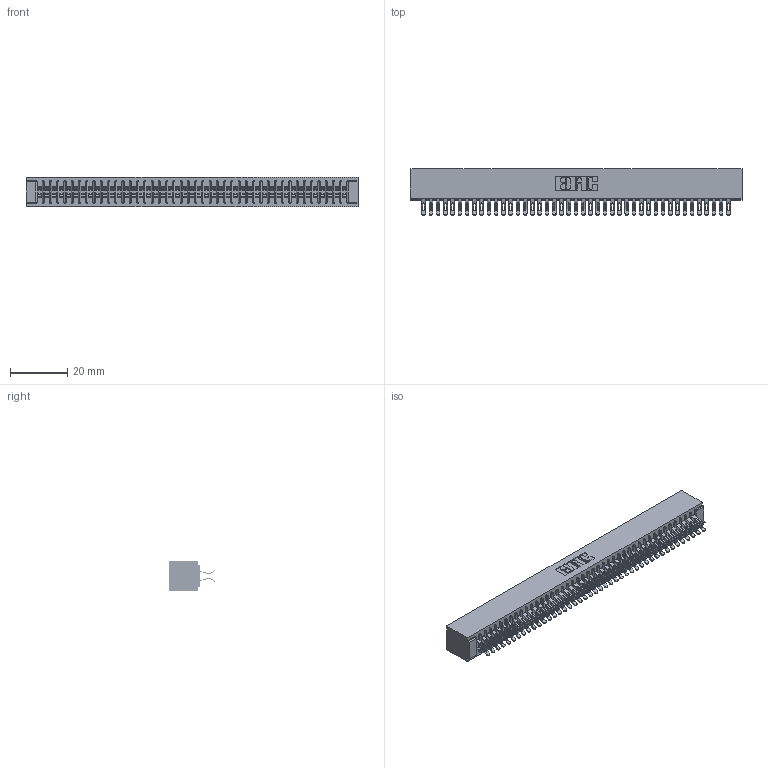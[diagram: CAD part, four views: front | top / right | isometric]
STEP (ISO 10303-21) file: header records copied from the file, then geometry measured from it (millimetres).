
FILE_DESCRIPTION (( 'STEP AP203' ), '1' );
FILE_NAME ('391-086-555-201.STEP', '2018-08-09T16:46:15', ( '' ), ( '' ), 'SwSTEP 2.0', 'SolidWorks 2016', '' );
FILE_SCHEMA (( 'CONFIG_CONTROL_DESIGN' ));
Length unit declared in the file: inch
Products named in the file (3): 391-086-555-201; 341 Part_No Mounting Lugs; 341-292-001_341-292-155
Assembly tree (87 placements, depth 2):
  391-086-555-201
    341 Part_No Mounting Lugs
    341-292-001_341-292-155  x86
Bounding box: 116.2 x 16.31 x 10.16 mm (x, y, z)
Volume: 8927.2 mm3; surface area: 17242.6 mm2
Topology: 87 solids, 87 shells, 6816 faces, 20373 edges, 13262 vertices
Faces by surface type: plane 3676, cylinder 2968, sphere 88, torus 84
Entity records: 52098 total; most frequent: CARTESIAN_POINT 8675, ORIENTED_EDGE 8610, DIRECTION 8407, EDGE_CURVE 4305, LINE 3467, VECTOR 3467, VERTEX_POINT 2722, AXIS2_PLACEMENT_3D 2470
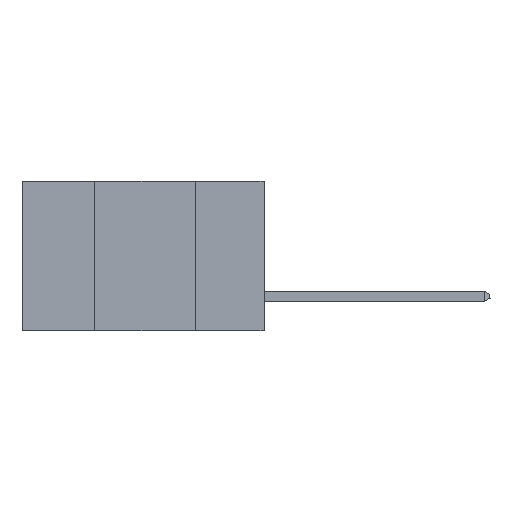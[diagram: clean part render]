
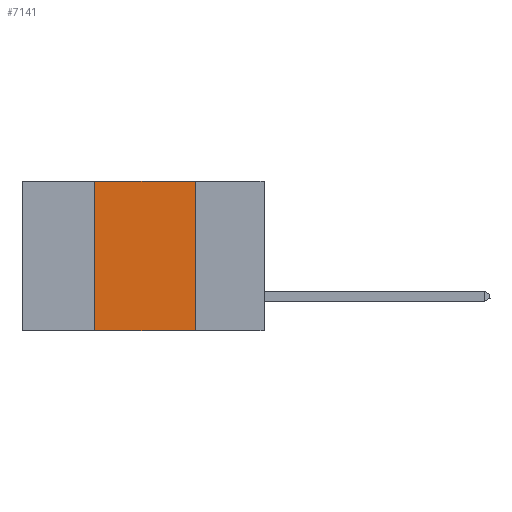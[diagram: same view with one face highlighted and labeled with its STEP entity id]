
A CAD part, left-side view. The second image highlights one B-rep face of the part: STEP entity #7141.
In plain terms, the highlighted planar face has unit normal (-1, 0, 0).
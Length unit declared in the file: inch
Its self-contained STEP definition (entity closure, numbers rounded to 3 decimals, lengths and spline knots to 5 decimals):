
#198 = ORIENTED_EDGE ( 'NONE', *, *, #1613, .T. ) ;
#968 = VERTEX_POINT ( 'NONE', #9284 ) ;
#1511 = DIRECTION ( 'NONE',  ( 0., 0., -1. ) ) ;
#1542 = VECTOR ( 'NONE', #1511, 39.37008 ) ;
#1613 = EDGE_CURVE ( 'NONE', #7277, #11617, #3222, .T. ) ;
#2893 = DIRECTION ( 'NONE',  ( 1., 0., 0. ) ) ;
#2981 = LINE ( 'NONE', #10441, #1542 ) ;
#3012 = CARTESIAN_POINT ( 'NONE',  ( 0., 0.17, -0.37 ) ) ;
#3169 = EDGE_LOOP ( 'NONE', ( #5122, #9736, #13681, #198 ) ) ;
#3222 = LINE ( 'NONE', #7494, #9437 ) ;
#3864 = EDGE_CURVE ( 'NONE', #7277, #968, #11058, .T. ) ;
#3941 = EDGE_CURVE ( 'NONE', #968, #12965, #7895, .T. ) ;
#5122 = ORIENTED_EDGE ( 'NONE', *, *, #6603, .F. ) ;
#5124 = DIRECTION ( 'NONE',  ( 0., 0., -1. ) ) ;
#6204 = PLANE ( 'NONE',  #14108 ) ;
#6259 = CARTESIAN_POINT ( 'NONE',  ( 0., 0.17, 0. ) ) ;
#6603 = EDGE_CURVE ( 'NONE', #12965, #11617, #2981, .T. ) ;
#7141 = ADVANCED_FACE ( 'NONE', ( #8295 ), #6204, .F. ) ;
#7277 = VERTEX_POINT ( 'NONE', #14519 ) ;
#7414 = CARTESIAN_POINT ( 'NONE',  ( 0., 0.6, 0. ) ) ;
#7494 = CARTESIAN_POINT ( 'NONE',  ( 0., 0.6, -0.37 ) ) ;
#7833 = CARTESIAN_POINT ( 'NONE',  ( 0., 0.42, 0. ) ) ;
#7895 = LINE ( 'NONE', #10582, #8759 ) ;
#8295 = FACE_OUTER_BOUND ( 'NONE', #3169, .T. ) ;
#8759 = VECTOR ( 'NONE', #10486, 39.37008 ) ;
#9284 = CARTESIAN_POINT ( 'NONE',  ( 0., 0.42, 0. ) ) ;
#9437 = VECTOR ( 'NONE', #13082, 39.37008 ) ;
#9736 = ORIENTED_EDGE ( 'NONE', *, *, #3941, .F. ) ;
#10074 = DIRECTION ( 'NONE',  ( 0., 0., 1. ) ) ;
#10441 = CARTESIAN_POINT ( 'NONE',  ( 0., 0.17, 0. ) ) ;
#10486 = DIRECTION ( 'NONE',  ( 0., -1., 0. ) ) ;
#10582 = CARTESIAN_POINT ( 'NONE',  ( 0., 0.6, 0. ) ) ;
#11058 = LINE ( 'NONE', #7833, #13744 ) ;
#11617 = VERTEX_POINT ( 'NONE', #3012 ) ;
#12965 = VERTEX_POINT ( 'NONE', #6259 ) ;
#13082 = DIRECTION ( 'NONE',  ( 0., -1., 0. ) ) ;
#13681 = ORIENTED_EDGE ( 'NONE', *, *, #3864, .F. ) ;
#13744 = VECTOR ( 'NONE', #10074, 39.37008 ) ;
#14108 = AXIS2_PLACEMENT_3D ( 'NONE', #7414, #2893, #5124 ) ;
#14519 = CARTESIAN_POINT ( 'NONE',  ( 0., 0.42, -0.37 ) ) ;

Your assignment - Would you output only the span of the records above that opens with the line containing "Entity records: 52098" and closes with the line containing "[diagram: same view", ends included and pictures dropped?

Solution below -
Entity records: 52098 total; most frequent: CARTESIAN_POINT 8675, ORIENTED_EDGE 8610, DIRECTION 8407, EDGE_CURVE 4305, LINE 3467, VECTOR 3467, VERTEX_POINT 2722, AXIS2_PLACEMENT_3D 2470
[diagram: clean part render]
[diagram: same view with one face highlighted and labeled with its STEP entity id]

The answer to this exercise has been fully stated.